WHAT IS REQUIRED
Any picture in the listing is left out of the copy; all else is duplicated exactly.

*** Opening DATASET EXTRACT ***

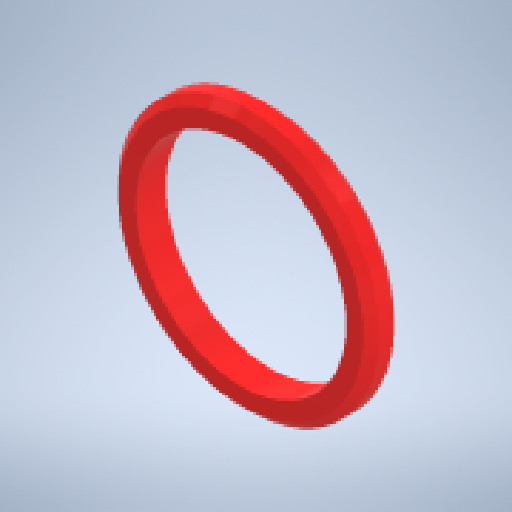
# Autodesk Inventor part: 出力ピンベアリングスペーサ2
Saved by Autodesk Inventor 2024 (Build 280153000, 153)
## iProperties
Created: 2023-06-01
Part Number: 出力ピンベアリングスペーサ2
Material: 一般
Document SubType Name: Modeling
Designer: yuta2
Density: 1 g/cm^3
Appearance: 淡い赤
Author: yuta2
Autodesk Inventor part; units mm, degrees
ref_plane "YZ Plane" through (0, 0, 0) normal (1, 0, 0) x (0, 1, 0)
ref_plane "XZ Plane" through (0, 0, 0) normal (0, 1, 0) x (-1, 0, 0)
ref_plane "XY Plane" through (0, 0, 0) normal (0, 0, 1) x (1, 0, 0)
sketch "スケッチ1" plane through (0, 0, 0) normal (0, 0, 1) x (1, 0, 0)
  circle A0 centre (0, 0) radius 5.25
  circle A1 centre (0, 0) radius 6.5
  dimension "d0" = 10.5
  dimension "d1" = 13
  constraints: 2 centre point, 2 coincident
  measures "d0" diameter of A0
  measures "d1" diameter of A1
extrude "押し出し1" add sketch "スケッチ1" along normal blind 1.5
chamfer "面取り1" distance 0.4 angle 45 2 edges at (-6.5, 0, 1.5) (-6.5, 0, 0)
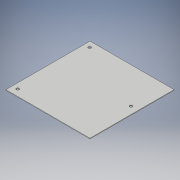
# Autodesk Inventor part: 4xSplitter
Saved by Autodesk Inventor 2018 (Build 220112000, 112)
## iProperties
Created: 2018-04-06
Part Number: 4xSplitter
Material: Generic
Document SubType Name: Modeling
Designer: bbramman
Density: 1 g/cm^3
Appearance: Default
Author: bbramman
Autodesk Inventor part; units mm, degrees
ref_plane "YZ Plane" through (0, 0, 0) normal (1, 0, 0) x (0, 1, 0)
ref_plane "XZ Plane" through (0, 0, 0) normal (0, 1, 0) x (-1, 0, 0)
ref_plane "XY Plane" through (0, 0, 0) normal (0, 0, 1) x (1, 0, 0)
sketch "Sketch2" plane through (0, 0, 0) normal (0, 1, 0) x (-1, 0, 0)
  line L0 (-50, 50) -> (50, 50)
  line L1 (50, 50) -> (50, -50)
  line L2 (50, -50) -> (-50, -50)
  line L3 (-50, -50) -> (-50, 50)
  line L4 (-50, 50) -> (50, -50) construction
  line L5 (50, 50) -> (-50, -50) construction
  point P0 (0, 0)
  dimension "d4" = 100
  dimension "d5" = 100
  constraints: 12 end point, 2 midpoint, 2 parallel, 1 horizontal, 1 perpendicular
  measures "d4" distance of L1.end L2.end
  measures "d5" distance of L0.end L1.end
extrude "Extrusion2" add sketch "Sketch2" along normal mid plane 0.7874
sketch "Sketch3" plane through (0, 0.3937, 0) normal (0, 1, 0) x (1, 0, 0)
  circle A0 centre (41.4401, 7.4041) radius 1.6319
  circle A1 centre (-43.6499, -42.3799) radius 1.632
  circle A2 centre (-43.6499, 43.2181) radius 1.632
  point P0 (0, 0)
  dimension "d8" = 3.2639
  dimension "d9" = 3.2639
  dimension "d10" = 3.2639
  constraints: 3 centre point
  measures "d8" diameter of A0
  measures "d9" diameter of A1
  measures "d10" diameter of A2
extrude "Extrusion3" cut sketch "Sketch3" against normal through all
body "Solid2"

*** Closing DATASET EXTRACT ***

YOUR SOLUTION
# Autodesk Inventor part: 出力ピンベアリングスペーサ2
Saved by Autodesk Inventor 2024 (Build 280153000, 153)
## iProperties
Created: 2023-06-01
Part Number: 出力ピンベアリングスペーサ2
Material: 一般
Document SubType Name: Modeling
Designer: yuta2
Density: 1 g/cm^3
Appearance: 淡い赤
Author: yuta2
Autodesk Inventor part; units mm, degrees
ref_plane "YZ Plane" through (0, 0, 0) normal (1, 0, 0) x (0, 1, 0)
ref_plane "XZ Plane" through (0, 0, 0) normal (0, 1, 0) x (-1, 0, 0)
ref_plane "XY Plane" through (0, 0, 0) normal (0, 0, 1) x (1, 0, 0)
sketch "スケッチ1" plane through (0, 0, 0) normal (0, 0, 1) x (1, 0, 0)
  circle A0 centre (0, 0) radius 5.25
  circle A1 centre (0, 0) radius 6.5
  dimension "d0" = 10.5
  dimension "d1" = 13
  constraints: 2 centre point, 2 coincident
  measures "d0" diameter of A0
  measures "d1" diameter of A1
extrude "押し出し1" add sketch "スケッチ1" along normal blind 1.5
chamfer "面取り1" distance 0.4 angle 45 2 edges at (-6.5, 0, 1.5) (-6.5, 0, 0)
# Autodesk Inventor part: 4xSplitter
Saved by Autodesk Inventor 2018 (Build 220112000, 112)
## iProperties
Created: 2018-04-06
Part Number: 4xSplitter
Material: Generic
Document SubType Name: Modeling
Designer: bbramman
Density: 1 g/cm^3
Appearance: Default
Author: bbramman
Autodesk Inventor part; units mm, degrees
ref_plane "YZ Plane" through (0, 0, 0) normal (1, 0, 0) x (0, 1, 0)
ref_plane "XZ Plane" through (0, 0, 0) normal (0, 1, 0) x (-1, 0, 0)
ref_plane "XY Plane" through (0, 0, 0) normal (0, 0, 1) x (1, 0, 0)
sketch "Sketch2" plane through (0, 0, 0) normal (0, 1, 0) x (-1, 0, 0)
  line L0 (-50, 50) -> (50, 50)
  line L1 (50, 50) -> (50, -50)
  line L2 (50, -50) -> (-50, -50)
  line L3 (-50, -50) -> (-50, 50)
  line L4 (-50, 50) -> (50, -50) construction
  line L5 (50, 50) -> (-50, -50) construction
  point P0 (0, 0)
  dimension "d4" = 100
  dimension "d5" = 100
  constraints: 12 end point, 2 midpoint, 2 parallel, 1 horizontal, 1 perpendicular
  measures "d4" distance of L1.end L2.end
  measures "d5" distance of L0.end L1.end
extrude "Extrusion2" add sketch "Sketch2" along normal mid plane 0.7874
sketch "Sketch3" plane through (0, 0.3937, 0) normal (0, 1, 0) x (1, 0, 0)
  circle A0 centre (41.4401, 7.4041) radius 1.6319
  circle A1 centre (-43.6499, -42.3799) radius 1.632
  circle A2 centre (-43.6499, 43.2181) radius 1.632
  point P0 (0, 0)
  dimension "d8" = 3.2639
  dimension "d9" = 3.2639
  dimension "d10" = 3.2639
  constraints: 3 centre point
  measures "d8" diameter of A0
  measures "d9" diameter of A1
  measures "d10" diameter of A2
extrude "Extrusion3" cut sketch "Sketch3" against normal through all
body "Solid2"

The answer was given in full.